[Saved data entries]
━━━━━━━━━━━━━━━━━━━━

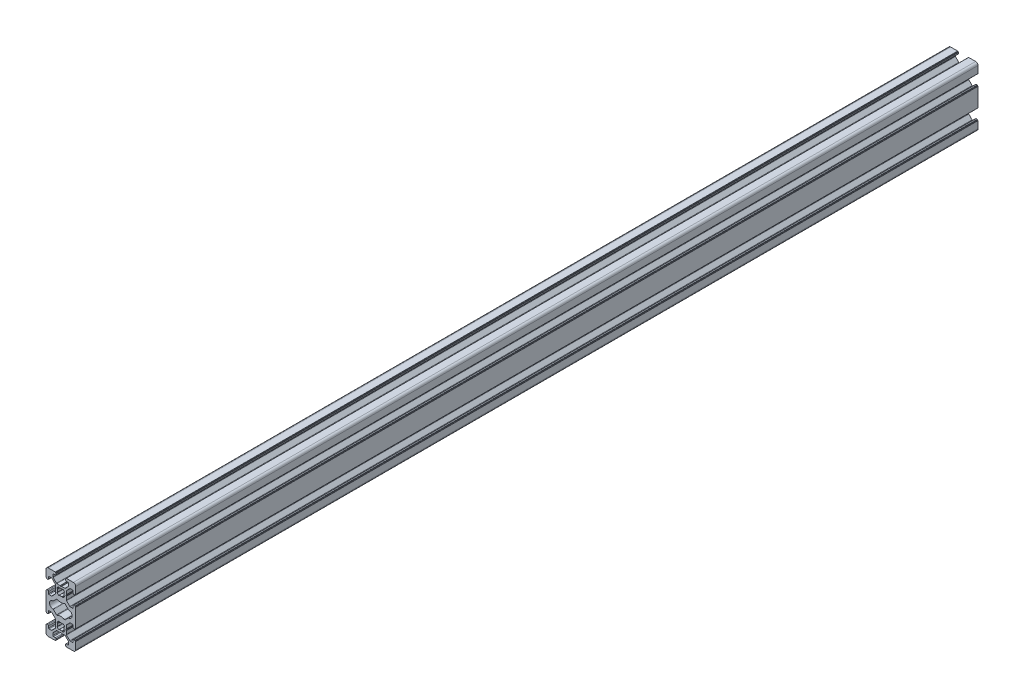
SolidWorks part; units mm, degrees
ref_plane "Front Plane-end prof " through (0, 0, 0) normal (0, 0, 1) x (1, 0, 0)
ref_plane "Top Plane-nar cl" through (0, 0, 0) normal (0, 1, 0) x (1, 0, 0)
ref_plane "Right Plane-wide cl" through (0, 0, 0) normal (1, 0, 0) x (0, 0, -1)
sketch "Sketch1" plane through (0, 0, 0) normal (0, 0, 1) x (1, 0, 0)
  line L0 (0, -7.5565) -> (0, 7.5565) construction
  line L1 (7.5565, 0) -> (-7.5565, 0) construction
  line L2 (-10.6995, -25.3987) -> (-4.7498, -25.3987)
  line L3 (4.7498, -25.3987) -> (10.6995, -25.3987)
  line L4 (-4.3498, -24.8987) -> (-4.2498, -24.8987)
  line L5 (4.2498, -24.8987) -> (4.3498, -24.8987)
  line L6 (6.2497, -23.1988) -> (4.6498, -23.1988)
  line L7 (-4.6498, -23.1988) -> (-6.2497, -23.1988)
  line L8 (-8.0174, -19.449) -> (-9.9995, -19.449)
  line L9 (8.0174, -19.449) -> (9.9995, -19.449)
  line L10 (-3.4321, -17.3991) -> (-0.6268, -17.3991)
  line L11 (0.6268, -17.3991) -> (3.4321, -17.3991)
  line L12 (-12.3994, -17.2491) -> (-12.4994, -17.2491)
  line L13 (12.3994, -17.2491) -> (12.4994, -17.2491)
  line L14 (-11.0994, -16.7491) -> (-11.9994, -16.7491)
  line L15 (11.0994, -16.7491) -> (11.9994, -16.7491)
  line L16 (0.1, 17.1259) -> (0.5268, 17.3723)
  line L17 (0.1, -17.1259) -> (0.5268, -17.3723)
  line L18 (-12.6993, 23.3988) -> (-12.6993, 17.4491)
  line L19 (-12.6993, 7.9496) -> (-12.6993, -7.9496)
  line L20 (-12.6993, -17.4491) -> (-12.6993, -23.3988)
  line L21 (-12.1994, 17.0491) -> (-12.1994, 16.9491)
  line L22 (-12.1994, 8.4496) -> (-12.1994, 8.3496)
  line L23 (-12.1994, -8.3496) -> (-12.1994, -8.4496)
  line L24 (-12.1994, -16.9491) -> (-12.1994, -17.0491)
  line L25 (-2.7718, 11.4069) -> (-2.9783, 11.3106)
  line L26 (2.7718, 13.9918) -> (2.9783, 14.0881)
  line L27 (0, -12.6993) -> (-1.2725, -12.6993) construction
  line L28 (0, -12.6993) -> (1.2725, -12.6993) construction
  line L29 (-2.9783, -11.3106) -> (-2.7718, -11.4069)
  line L30 (2.9783, -14.0881) -> (2.7718, -13.9918)
  line L31 (-10.4995, -18.949) -> (-10.4995, -17.3491)
  line L32 (-10.4995, -8.0496) -> (-10.4995, -6.4497)
  line L33 (-10.4995, 6.4497) -> (-10.4995, 8.0496)
  line L34 (-10.4995, 17.3491) -> (-10.4995, 18.949)
  line L35 (-4.4266, 12.5994) -> (-4.673, 12.1726)
  line L36 (-4.8462, 8.9138) -> (-7.6638, 6.0961)
  line L37 (3.7856, 17.5455) -> (6.6032, 20.3632)
  line L38 (-7.6638, -6.0961) -> (-4.8462, -8.9138)
  line L39 (3.7856, -17.5455) -> (6.6032, -20.3632)
  line L40 (-4.673, -12.1726) -> (-4.4266, -12.5994)
  line L41 (7.6638, 19.3026) -> (4.8462, 16.4849)
  line L42 (11.9994, -8.6496) -> (11.0994, -8.6496)
  line L43 (-11.9994, -8.6496) -> (-11.0994, -8.6496)
  line L44 (12.4994, -8.1496) -> (12.3994, -8.1496)
  line L45 (-12.4994, -8.1496) -> (-12.3994, -8.1496)
  line L46 (4.8462, -16.4849) -> (7.6638, -19.3026)
  line L47 (-6.7497, 22.6988) -> (-6.7497, 20.7167)
  line L48 (-6.7497, -22.6988) -> (-6.7497, -20.7167)
  line L49 (-3.721, 5.7966) -> (-6.3713, 3.1462)
  line L50 (9.9995, -5.9497) -> (8.0174, -5.9497)
  line L51 (-9.9995, -5.9497) -> (-8.0174, -5.9497)
  line L52 (-6.3713, -3.1462) -> (-3.721, -5.7966)
  line L53 (-4.6998, 16.1314) -> (-4.6998, 13.3261)
  line L54 (-4.6998, 12.0726) -> (-4.6998, 9.2673)
  line L55 (-4.6998, -9.2673) -> (-4.6998, -12.0726)
  line L56 (-4.6998, -13.3261) -> (-4.6998, -16.1314)
  line L57 (-4.5498, 25.1987) -> (-4.5498, 25.0987)
  line L58 (-4.5498, -25.1987) -> (-4.5498, -25.0987)
  line L59 (-4.0498, 24.6987) -> (-4.0498, 23.7988)
  line L60 (-4.0498, -24.6987) -> (-4.0498, -23.7988)
  line L61 (1.3888, 15.6776) -> (1.2925, 15.4711)
  line L62 (-1.3888, 9.7211) -> (-1.2925, 9.9276)
  line L63 (1.2925, -15.4711) -> (1.3888, -15.6776)
  line L64 (-1.2925, -9.9276) -> (-1.3888, -9.7211)
  line L65 (4.673, 13.2261) -> (4.4266, 12.7993)
  line L66 (4.4266, -12.7993) -> (4.673, -13.2261)
  line L67 (0, 12.6993) -> (0, 11.4268) construction
  line L68 (0, -12.6993) -> (0, -13.9719) construction
  line L69 (0, -12.6993) -> (0, -11.4268) construction
  line L70 (0, 12.6993) -> (0, 13.9719) construction
  line L71 (-4.4266, -12.7993) -> (-4.673, -13.2261)
  line L72 (-4.673, 13.2261) -> (-4.4266, 12.7993)
  line L73 (4.0498, -23.7988) -> (4.0498, -24.6987)
  line L74 (4.0498, 23.7988) -> (4.0498, 24.6987)
  line L75 (4.5498, -25.0987) -> (4.5498, -25.1987)
  line L76 (4.5498, 25.0987) -> (4.5498, 25.1987)
  line L77 (4.6998, 16.1314) -> (4.6998, 13.3261)
  line L78 (4.6998, 12.0726) -> (4.6998, 9.2673)
  line L79 (4.6998, -9.2673) -> (4.6998, -12.0726)
  line L80 (4.6998, -13.3261) -> (4.6998, -16.1314)
  line L81 (1.3888, -9.7211) -> (1.2925, -9.9276)
  line L82 (-1.3888, -15.6776) -> (-1.2925, -15.4711)
  line L83 (1.2925, 9.9276) -> (1.3888, 9.7211)
  line L84 (-1.2925, 15.4711) -> (-1.3888, 15.6776)
  line L85 (6.7497, -20.7167) -> (6.7497, -22.6988)
  line L86 (6.7497, 20.7167) -> (6.7497, 22.6988)
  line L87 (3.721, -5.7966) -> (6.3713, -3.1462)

━━━━━━━━━━━━━━━━━━━━

● **PROBLEM**
Every line of the data above is to be set down word for word, with the pictures left out.

● **RESPONSE AREA**
SolidWorks part; units mm, degrees
ref_plane "Front Plane-end prof " through (0, 0, 0) normal (0, 0, 1) x (1, 0, 0)
ref_plane "Top Plane-nar cl" through (0, 0, 0) normal (0, 1, 0) x (1, 0, 0)
ref_plane "Right Plane-wide cl" through (0, 0, 0) normal (1, 0, 0) x (0, 0, -1)
sketch "Sketch1" plane through (0, 0, 0) normal (0, 0, 1) x (1, 0, 0)
  line L0 (0, -7.5565) -> (0, 7.5565) construction
  line L1 (7.5565, 0) -> (-7.5565, 0) construction
  line L2 (-10.6995, -25.3987) -> (-4.7498, -25.3987)
  line L3 (4.7498, -25.3987) -> (10.6995, -25.3987)
  line L4 (-4.3498, -24.8987) -> (-4.2498, -24.8987)
  line L5 (4.2498, -24.8987) -> (4.3498, -24.8987)
  line L6 (6.2497, -23.1988) -> (4.6498, -23.1988)
  line L7 (-4.6498, -23.1988) -> (-6.2497, -23.1988)
  line L8 (-8.0174, -19.449) -> (-9.9995, -19.449)
  line L9 (8.0174, -19.449) -> (9.9995, -19.449)
  line L10 (-3.4321, -17.3991) -> (-0.6268, -17.3991)
  line L11 (0.6268, -17.3991) -> (3.4321, -17.3991)
  line L12 (-12.3994, -17.2491) -> (-12.4994, -17.2491)
  line L13 (12.3994, -17.2491) -> (12.4994, -17.2491)
  line L14 (-11.0994, -16.7491) -> (-11.9994, -16.7491)
  line L15 (11.0994, -16.7491) -> (11.9994, -16.7491)
  line L16 (0.1, 17.1259) -> (0.5268, 17.3723)
  line L17 (0.1, -17.1259) -> (0.5268, -17.3723)
  line L18 (-12.6993, 23.3988) -> (-12.6993, 17.4491)
  line L19 (-12.6993, 7.9496) -> (-12.6993, -7.9496)
  line L20 (-12.6993, -17.4491) -> (-12.6993, -23.3988)
  line L21 (-12.1994, 17.0491) -> (-12.1994, 16.9491)
  line L22 (-12.1994, 8.4496) -> (-12.1994, 8.3496)
  line L23 (-12.1994, -8.3496) -> (-12.1994, -8.4496)
  line L24 (-12.1994, -16.9491) -> (-12.1994, -17.0491)
  line L25 (-2.7718, 11.4069) -> (-2.9783, 11.3106)
  line L26 (2.7718, 13.9918) -> (2.9783, 14.0881)
  line L27 (0, -12.6993) -> (-1.2725, -12.6993) construction
  line L28 (0, -12.6993) -> (1.2725, -12.6993) construction
  line L29 (-2.9783, -11.3106) -> (-2.7718, -11.4069)
  line L30 (2.9783, -14.0881) -> (2.7718, -13.9918)
  line L31 (-10.4995, -18.949) -> (-10.4995, -17.3491)
  line L32 (-10.4995, -8.0496) -> (-10.4995, -6.4497)
  line L33 (-10.4995, 6.4497) -> (-10.4995, 8.0496)
  line L34 (-10.4995, 17.3491) -> (-10.4995, 18.949)
  line L35 (-4.4266, 12.5994) -> (-4.673, 12.1726)
  line L36 (-4.8462, 8.9138) -> (-7.6638, 6.0961)
  line L37 (3.7856, 17.5455) -> (6.6032, 20.3632)
  line L38 (-7.6638, -6.0961) -> (-4.8462, -8.9138)
  line L39 (3.7856, -17.5455) -> (6.6032, -20.3632)
  line L40 (-4.673, -12.1726) -> (-4.4266, -12.5994)
  line L41 (7.6638, 19.3026) -> (4.8462, 16.4849)
  line L42 (11.9994, -8.6496) -> (11.0994, -8.6496)
  line L43 (-11.9994, -8.6496) -> (-11.0994, -8.6496)
  line L44 (12.4994, -8.1496) -> (12.3994, -8.1496)
  line L45 (-12.4994, -8.1496) -> (-12.3994, -8.1496)
  line L46 (4.8462, -16.4849) -> (7.6638, -19.3026)
  line L47 (-6.7497, 22.6988) -> (-6.7497, 20.7167)
  line L48 (-6.7497, -22.6988) -> (-6.7497, -20.7167)
  line L49 (-3.721, 5.7966) -> (-6.3713, 3.1462)
  line L50 (9.9995, -5.9497) -> (8.0174, -5.9497)
  line L51 (-9.9995, -5.9497) -> (-8.0174, -5.9497)
  line L52 (-6.3713, -3.1462) -> (-3.721, -5.7966)
  line L53 (-4.6998, 16.1314) -> (-4.6998, 13.3261)
  line L54 (-4.6998, 12.0726) -> (-4.6998, 9.2673)
  line L55 (-4.6998, -9.2673) -> (-4.6998, -12.0726)
  line L56 (-4.6998, -13.3261) -> (-4.6998, -16.1314)
  line L57 (-4.5498, 25.1987) -> (-4.5498, 25.0987)
  line L58 (-4.5498, -25.1987) -> (-4.5498, -25.0987)
  line L59 (-4.0498, 24.6987) -> (-4.0498, 23.7988)
  line L60 (-4.0498, -24.6987) -> (-4.0498, -23.7988)
  line L61 (1.3888, 15.6776) -> (1.2925, 15.4711)
  line L62 (-1.3888, 9.7211) -> (-1.2925, 9.9276)
  line L63 (1.2925, -15.4711) -> (1.3888, -15.6776)
  line L64 (-1.2925, -9.9276) -> (-1.3888, -9.7211)
  line L65 (4.673, 13.2261) -> (4.4266, 12.7993)
  line L66 (4.4266, -12.7993) -> (4.673, -13.2261)
  line L67 (0, 12.6993) -> (0, 11.4268) construction
  line L68 (0, -12.6993) -> (0, -13.9719) construction
  line L69 (0, -12.6993) -> (0, -11.4268) construction
  line L70 (0, 12.6993) -> (0, 13.9719) construction
  line L71 (-4.4266, -12.7993) -> (-4.673, -13.2261)
  line L72 (-4.673, 13.2261) -> (-4.4266, 12.7993)
  line L73 (4.0498, -23.7988) -> (4.0498, -24.6987)
  line L74 (4.0498, 23.7988) -> (4.0498, 24.6987)
  line L75 (4.5498, -25.0987) -> (4.5498, -25.1987)
  line L76 (4.5498, 25.0987) -> (4.5498, 25.1987)
  line L77 (4.6998, 16.1314) -> (4.6998, 13.3261)
  line L78 (4.6998, 12.0726) -> (4.6998, 9.2673)
  line L79 (4.6998, -9.2673) -> (4.6998, -12.0726)
  line L80 (4.6998, -13.3261) -> (4.6998, -16.1314)
  line L81 (1.3888, -9.7211) -> (1.2925, -9.9276)
  line L82 (-1.3888, -15.6776) -> (-1.2925, -15.4711)
  line L83 (1.2925, 9.9276) -> (1.3888, 9.7211)
  line L84 (-1.2925, 15.4711) -> (-1.3888, 15.6776)
  line L85 (6.7497, -20.7167) -> (6.7497, -22.6988)
  line L86 (6.7497, 20.7167) -> (6.7497, 22.6988)
  line L87 (3.721, -5.7966) -> (6.3713, -3.1462)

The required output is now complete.